Sport Ireland have released a statement following the tragic death of Portuguese MMA fighter Joao Carvalho in Dublin.

Carvalho was hospitalised shortly after losing via third round TKO to Charlie Ward at the inaugural Total Extreme Fighting event in the National Stadium last Saturday.

The Team Nobrega fighter was rushed to Beaumont hospital after he began vomiting, suffered headaches and felt nausea backstage, 10 minutes after being cleared by the medics, according to the owner of Eventmed. He underwent brain surgery in hospital, but was pronounced dead on Monday night.

The Gardaí, as well as the international governing body for MMA have launched investigations into the death of Carvalho.

Sport Ireland have released a statement regarding Carvalho’s death confirming that they do not recognise MMA as a sport. However, they will work with the Department of Sport to see what regulatory framework it may operate under in the future.
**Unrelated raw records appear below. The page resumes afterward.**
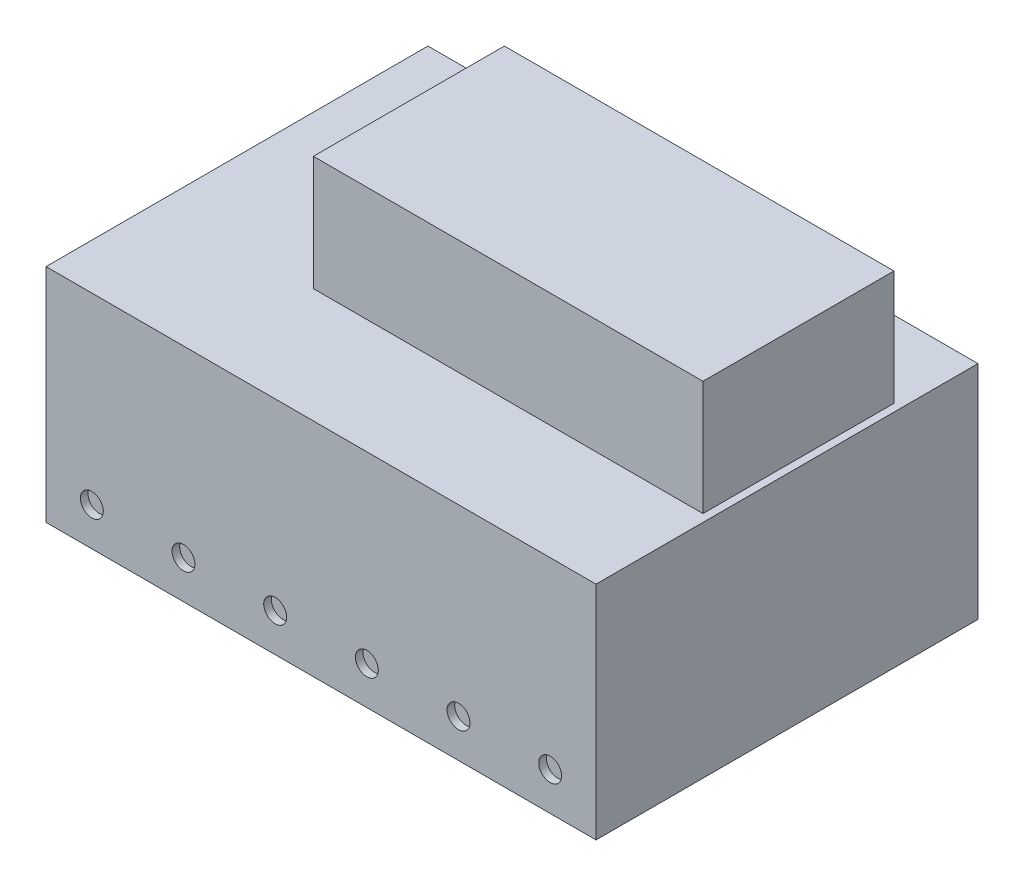
SolidWorks part; units mm, degrees
ref_plane "Front Plane" through (0, 0, 0) normal (0, 0, 1) x (1, 0, 0)
ref_plane "Top Plane" through (0, 0, 0) normal (0, 1, 0) x (1, 0, 0)
ref_plane "Right Plane" through (0, 0, 0) normal (1, 0, 0) x (0, 0, -1)
sketch "Sketch1" plane through (0, 0, 0) normal (0, 0, 1) x (1, 0, 0)
  line L1 (-36, -14.5) -> (36, -14.5)
  line L2 (-36, -14.5) -> (-36, 14.5)
  line L3 (-36, 14.5) -> (36, 14.5)
  line L4 (36, -14.5) -> (36, 14.5)
  line L5 (-36, -14.5) -> (36, 14.5) construction
  line L6 (-36, 14.5) -> (36, -14.5) construction
  point P0 (0, 0)
  dimension "D1" = 72
  dimension "D2" = 29
extrude "Boss-Extrude1" add sketch "Sketch1" along normal blind 50
sketch "Sketch2" plane through (0, 0, 50) normal (0, 0, 1) x (1, 0, 0)
  line L0 (-36, -9.5) -> (36, -9.5) construction
  line L1 (-36, 14.5) -> (-36, -14.5) construction
  line L2 (36, -14.5) -> (36, 14.5) construction
  line L3 (-36, -14.5) -> (36, -14.5) construction
  line L4 (6, -9.5) -> (-6, -9.5) construction
  line L5 (0, 0) -> (0, -14.5) construction
  circle A0 centre (-30, -9.5) radius 1.5
  circle A1 centre (-18, -9.5) radius 1.5
  circle A2 centre (-6, -9.5) radius 1.5
  circle A3 centre (6, -9.5) radius 1.5
  circle A4 centre (18, -9.5) radius 1.5
  circle A5 centre (30, -9.5) radius 1.5
  point P23 (0, -9.5)
  dimension "D2" = 6
  dimension "D4" = 3
  dimension "D1" = 5
  dimension "D3" = 12
sketch "Sketch3" plane through (0, 14.5, 0) normal (0, 1, 0) x (1, 0, 0)
  line L0 (36, 0) -> (-36, 0) construction
  line L1 (-16, -10) -> (35, -10)
  line L2 (-16, -10) -> (-16, -35)
  line L3 (-16, -35) -> (35, -35)
  line L4 (35, -10) -> (35, -35)
  line L5 (-36, -50) -> (-36, 0) construction
  line L7 (36, -50) -> (36, 0) construction
  line L8 (-36, -5) -> (36, -5) construction
  circle A0 centre (-26, -5) radius 2.5
  circle A1 centre (26, -5) radius 2.5
  dimension "D6" = 5
  dimension "D7" = 10
  dimension "D8" = 5
  dimension "D9" = 10
  dimension "D1" = 25
  dimension "D2" = 20
  dimension "D3" = 1
  dimension "D4" = 10
  dimension "D5" = 5
extrude "Boss-Extrude3" add sketch "Sketch3" along normal blind 15
extrude "Cut-Extrude1" cut sketch "Sketch2" against normal blind 1
sketch "Sketch4" plane through (0, 14.5, 0) normal (0, 1, 0) x (1, 0, 0)
  circle A0 centre (26, -5) radius 2.5 construction
  circle A1 centre (-26, -5) radius 2.5 construction
  circle A2 centre (26, -5) radius 2.5
  circle A3 centre (-26, -5) radius 2.5
extrude "Cut-Extrude2" cut sketch "Sketch4" against normal blind 40 and the other way blind 40
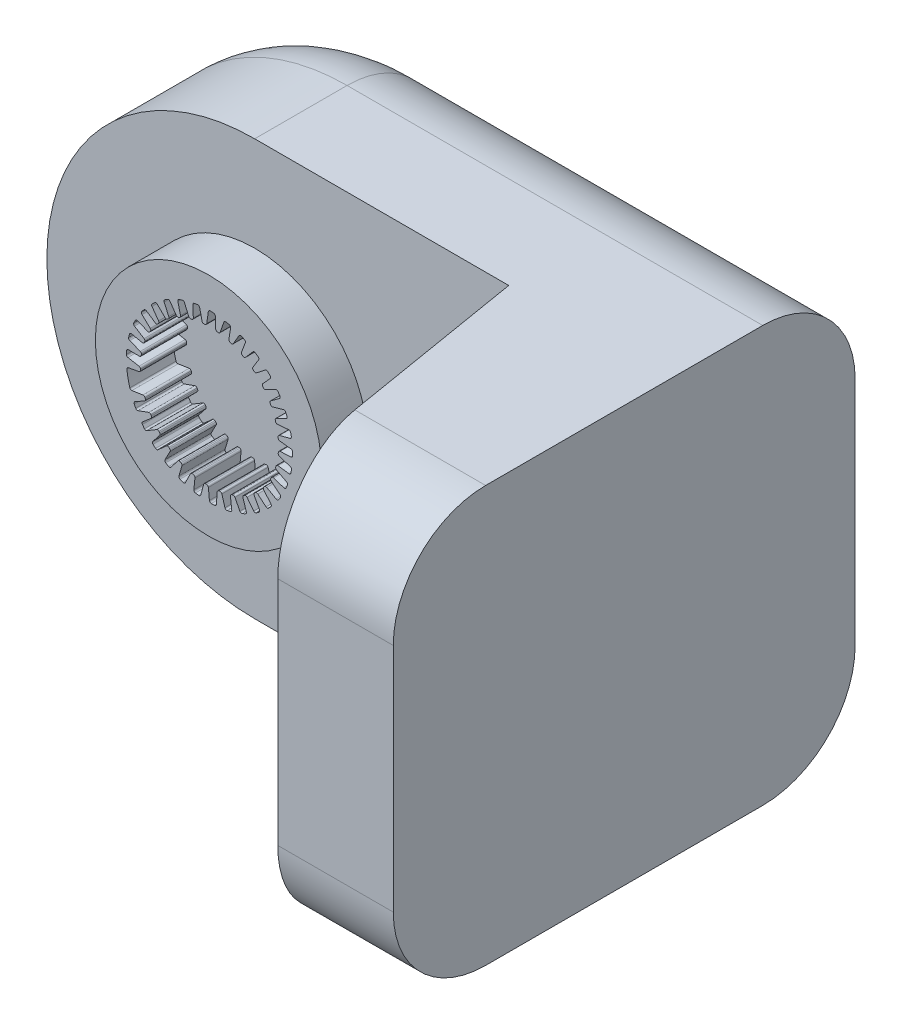
SolidWorks part; units mm, degrees
ref_plane "Front Plane" through (0, 0, 0) normal (0, 0, 1) x (1, 0, 0)
ref_plane "Top Plane" through (0, 0, 0) normal (0, 1, 0) x (1, 0, 0)
ref_plane "Right Plane" through (0, 0, 0) normal (1, 0, 0) x (0, 0, -1)
sketch "Sketch1" plane through (0, 0, 0) normal (0, 0, 1) x (1, 0, 0)
  line L0 (55, 0) -> (-55, 0) construction
  line L1 (-16.9691, -5.4979) -> (-14.565, -5.1246)
  line L2 (-14.1254, -5.3896) -> (-14.0498, -5.609)
  line L3 (-14.2318, -6.0878) -> (-16.2781, -7.2403)
  line L4 (-15.6283, -8.6059) -> (-13.3395, -7.7807)
  line L5 (-12.8575, -7.957) -> (-12.7414, -8.158)
  line L6 (-12.8287, -8.6627) -> (-14.6175, -10.1845)
  line L7 (-13.7191, -11.401) -> (-11.6298, -10.1543)
  line L8 (-11.1229, -10.2354) -> (-10.9707, -10.4105)
  line L9 (-10.96, -10.9225) -> (-12.4256, -12.7577)
  line L10 (-11.3116, -13.7804) -> (-9.4986, -12.158)
  line L11 (-8.9856, -12.1408) -> (-8.8027, -12.2837)
  line L12 (-8.6945, -12.7843) -> (-9.783, -14.8654)
  line L13 (-8.4943, -15.6568) -> (-7.0242, -13.7182)
  line L14 (-6.5239, -13.6035) -> (-6.3171, -13.7088)
  line L15 (-6.1154, -14.1796) -> (-6.7868, -16.4302)
  line L16 (-5.3708, -16.9611) -> (-4.2976, -14.7776)
  line L17 (-3.8283, -14.5696) -> (-3.6053, -14.6335)
  line L18 (-3.3174, -15.0571) -> (-3.5471, -17.3945)
  line L19 (-2.0557, -17.6455) -> (-1.4189, -15.2973)
  line L20 (-0.998, -15.0035) -> (-0.7668, -15.0238)
  line L21 (-0.4034, -15.3847) -> (-0.1828, -17.7229)
  line L22 (1.329, -17.6847) -> (1.5061, -15.2582)
  line L23 (1.8632, -14.8895) -> (2.094, -14.8652)
  line L24 (2.5196, -15.1502) -> (3.1822, -17.4034)
  line L25 (4.659, -17.0774) -> (4.3698, -14.6617)
  line L26 (4.65, -14.2316) -> (4.872, -14.1637)
  line L27 (5.3441, -14.3623) -> (6.4245, -16.4476)
  line L28 (7.8119, -15.8458) -> (7.0671, -13.5297)
  line L29 (7.2601, -13.054) -> (7.465, -12.9451)
  line L30 (7.9664, -13.0499) -> (9.4248, -14.8908)
  line L31 (10.6719, -14.0353) -> (9.4989, -11.9038)
  line L32 (9.5976, -11.4001) -> (9.7779, -11.254)
  line L33 (10.29, -11.2612) -> (12.073, -12.79)
  line L34 (13.1339, -11.7123) -> (11.5757, -9.8438)
  line L35 (11.5765, -9.3305) -> (11.7257, -9.1527)
  line L36 (12.2298, -9.0621) -> (14.2716, -10.2226)
  line L37 (15.1075, -8.9622) -> (13.2214, -7.4254)
  line L38 (13.1242, -6.9214) -> (13.2367, -6.7184)
  line L39 (13.7142, -6.5332) -> (15.94, -7.2828)
  line L40 (16.52, -5.8861) -> (14.3753, -4.7374)
  line L41 (14.1837, -4.2612) -> (14.2555, -4.0405)
  line L42 (14.6889, -3.7676) -> (17.0168, -4.0787)
  line L43 (17.3196, -2.597) -> (14.9951, -1.8786)
  line L44 (14.7162, -1.4477) -> (14.7445, -1.2173)
  line L45 (15.1179, -0.8668) -> (17.4624, -0.728)
  line L46 (17.477, 0.7843) -> (15.0581, 1.0459)
  line L47 (14.7021, 1.4157) -> (14.6859, 1.6472)
  line L48 (14.9856, 2.0626) -> (17.2605, 2.6462)
  line L49 (16.9862, 4.1334) -> (14.5619, 3.9288)
  line L50 (14.1419, 4.2238) -> (14.0818, 4.448)
  line L51 (14.2967, 4.9129) -> (16.4185, 5.9199)
  line L52 (15.8655, 7.3274) -> (13.5247, 6.6639)
  line L53 (13.0561, 6.8734) -> (12.9544, 7.082)
  line L54 (13.0766, 7.5794) -> (14.9673, 8.9727)
  line L55 (14.1559, 10.2489) -> (11.9847, 9.151)
  line L56 (11.4848, 9.2672) -> (11.3451, 9.4525)
  line L57 (11.3702, 9.9641) -> (12.9602, 11.6926)
  line L58 (11.9202, 12.7905) -> (9.9985, 11.2984)
  line L59 (9.4855, 11.3171) -> (9.3131, 11.4724)
  line L60 (9.2401, 11.9793) -> (10.4711, 13.9795)
  line L61 (9.2407, 14.8588) -> (7.6389, 13.0275)
  line L62 (7.1318, 12.9479) -> (6.9329, 13.0675)
  line L63 (6.7645, 13.5511) -> (7.5913, 15.7494)
  line L64 (6.2158, 16.3778) -> (4.9929, 14.2745)
  line L65 (4.5102, 14.0997) -> (4.2922, 14.1791)
  line L66 (4.0346, 14.6217) -> (4.4267, 16.9374)
  line L67 (2.9565, 17.2917) -> (2.1574, 14.9937)
  line L68 (1.7171, 14.73) -> (1.4878, 14.7663)
  line L69 (1.1505, 15.1517) -> (1.0936, 17.4997)
  line L70 (-0.4172, 17.567) -> (-0.7631, 15.1587)
  line L71 (-1.1451, 14.8159) -> (-1.377, 14.8078)
  line L72 (-1.7817, 15.1217) -> (-2.2855, 17.4156)
  line L73 (-3.7814, 17.1934) -> (-3.6615, 14.7634)
  line L74 (-3.971, 14.354) -> (-4.1972, 14.3018)
  line L75 (-4.6543, 14.5327) -> (-5.5866, 16.6884)
  line L76 (-7.0126, 16.1848) -> (-6.4312, 13.8224)
  line L77 (-6.6569, 13.3614) -> (-6.8689, 13.267)
  line L78 (-7.3617, 13.4065) -> (-8.6882, 15.3446)
  line L79 (-9.992, 14.5782) -> (-8.9705, 12.3701)
  line L80 (-9.1041, 11.8745) -> (-9.2942, 11.7414)
  line L81 (-9.8045, 11.7843) -> (-11.4765, 13.4337)
  line L82 (-12.61, 12.4326) -> (-11.1859, 10.46)
  line L83 (-11.2225, 9.948) -> (-11.3837, 9.7811)
  line L84 (-11.8929, 9.7258) -> (-13.8489, 11.0259)
  line L85 (-14.7706, 9.8269) -> (-12.9963, 8.1622)
  line L86 (-12.9345, 7.6527) -> (-13.0609, 7.458)
  line L87 (-13.5501, 7.3066) -> (-15.7182, 8.2096)
  line L88 (-16.3942, 6.8568) -> (-14.3349, 5.5613)
  line L89 (-14.177, 5.0729) -> (-14.264, 4.8577)
  line L90 (-14.7153, 4.6157) -> (-17.0159, 5.0884)
  line L91 (-17.4214, 3.6315) -> (-15.1526, 2.7527)
  line L92 (-14.9045, 2.3034) -> (-14.9488, 2.0756)
  line L93 (-15.3457, 1.7519) -> (-17.6942, 1.777)
  line L94 (-17.8142, 0.2694) -> (-15.4195, -0.1603)
  line L95 (-15.0901, -0.554) -> (-15.0901, -0.7861)
  line L96 (-15.418, -1.1795) -> (-17.7281, -1.6031)
  circle A0 centre (-0.372, 0) radius 24.5
  arc A1 (-18.0536, -2.0399) -> (-17.4139, -5.2165) centre (-0.1596, -0.0893) ccw
  arc A2 (-17.4139, -5.2165) -> (-16.9691, -5.4979) centre (-17.0305, -5.1026) ccw
  arc A3 (-14.1254, -5.3896) -> (-14.565, -5.1246) centre (-14.5036, -5.5198) ccw
  arc A4 (-14.2318, -6.0878) -> (-14.0498, -5.609) centre (-14.4281, -5.7393) ccw
  arc A5 (-16.2781, -7.2403) -> (-16.4437, -7.7593) centre (-16.0818, -7.5889) ccw
  arc A6 (-16.4437, -7.7593) -> (-16.1186, -8.4146) centre (-0.1596, -0.0893) ccw
  arc A7 (-16.1186, -8.4146) -> (-15.6283, -8.6059) centre (-15.764, -8.2296) ccw
  arc A8 (-12.8575, -7.957) -> (-13.3395, -7.7807) centre (-13.2039, -8.157) ccw
  arc A9 (-12.8287, -8.6627) -> (-12.7414, -8.158) centre (-13.0878, -8.358) ccw
  arc A10 (-14.6175, -10.1845) -> (-14.681, -10.7255) centre (-14.3583, -10.4892) ccw
  arc A11 (-14.681, -10.7255) -> (-14.2369, -11.3068) centre (-0.1596, -0.0893) ccw
  arc A12 (-14.2369, -11.3068) -> (-13.7191, -11.401) centre (-13.924, -11.0575) ccw
  arc A13 (-11.1229, -10.2354) -> (-11.6298, -10.1543) centre (-11.4248, -10.4978) ccw
  arc A14 (-10.96, -10.9225) -> (-10.9707, -10.4105) centre (-11.2726, -10.6729) ccw
  arc A15 (-12.4256, -12.7577) -> (-12.3847, -13.3009) centre (-12.1131, -13.0073) ccw
  arc A16 (-12.3847, -13.3009) -> (-11.8378, -13.7868) centre (-0.1596, -0.0893) ccw
  arc A17 (-11.8378, -13.7868) -> (-11.3116, -13.7804) centre (-11.5783, -13.4824) ccw
  arc A18 (-8.9856, -12.1408) -> (-9.4986, -12.158) centre (-9.2318, -12.456) ccw
  arc A19 (-8.6945, -12.7843) -> (-8.8027, -12.2837) centre (-9.049, -12.5989) ccw
  arc A20 (-9.783, -14.8654) -> (-9.6392, -15.3909) centre (-9.4286, -15.0508) ccw
  arc A21 (-9.6392, -15.3909) -> (-9.0097, -15.7634) centre (-0.1596, -0.0893) ccw
  arc A22 (-9.0097, -15.7634) -> (-8.4943, -15.6568) centre (-8.813, -15.4151) ccw
  arc A23 (-6.5239, -13.6035) -> (-7.0242, -13.7182) centre (-6.7055, -13.9599) ccw
  arc A24 (-6.1154, -14.1796) -> (-6.3171, -13.7088) centre (-6.4987, -14.0653) ccw
  arc A25 (-6.7868, -16.4302) -> (-6.5454, -16.9185) centre (-6.4035, -16.5446) ccw
  arc A26 (-6.5454, -16.9185) -> (-5.8563, -17.1641) centre (-0.1596, -0.0893) ccw
  arc A27 (-5.8563, -17.1641) -> (-5.3708, -16.9611) centre (-5.7297, -16.7847) ccw
  arc A28 (-3.8283, -14.5696) -> (-4.2976, -14.7776) centre (-3.9386, -14.9541) ccw
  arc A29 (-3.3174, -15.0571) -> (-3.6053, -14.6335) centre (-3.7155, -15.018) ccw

The statement from can be read in full here:

Regardless of the relationship with Sport Ireland or any statutory authority, the primary responsibility for Health & Safety for an event rests with the organiser and the relevant governing body.

Any review of the tragic events of last Saturday should be carried out by relevant authorities. That does not include Sport Ireland as it does not recognise MMA in any form.

Sport Ireland will work with the Department of Sport to establish how MMA operates in Ireland and under what regulatory framework it may operate in the future.

Sport Ireland has had no formal engagement with any organisation representing MMA on recognition to date.

Sport Ireland recognises National Governing Bodies of sport and operates a recognition programme for sports/disciplines that do not have that status. Sports seek recognition as it provides access to funding and other supports & services from Sport Ireland. For many organisations it is valuable as an endorsement of that body which may be important for governance and commercial reasons.

There is a process for recognition and criteria must be met. Without going into huge detail the applicant should be able to demonstrate that it is a functioning corporate body (M & As, audited accounts, functioning board etc), is affiliated with a relevant international organisation, is operating as the governing authority with rules etc and has clubs and memberships around the country.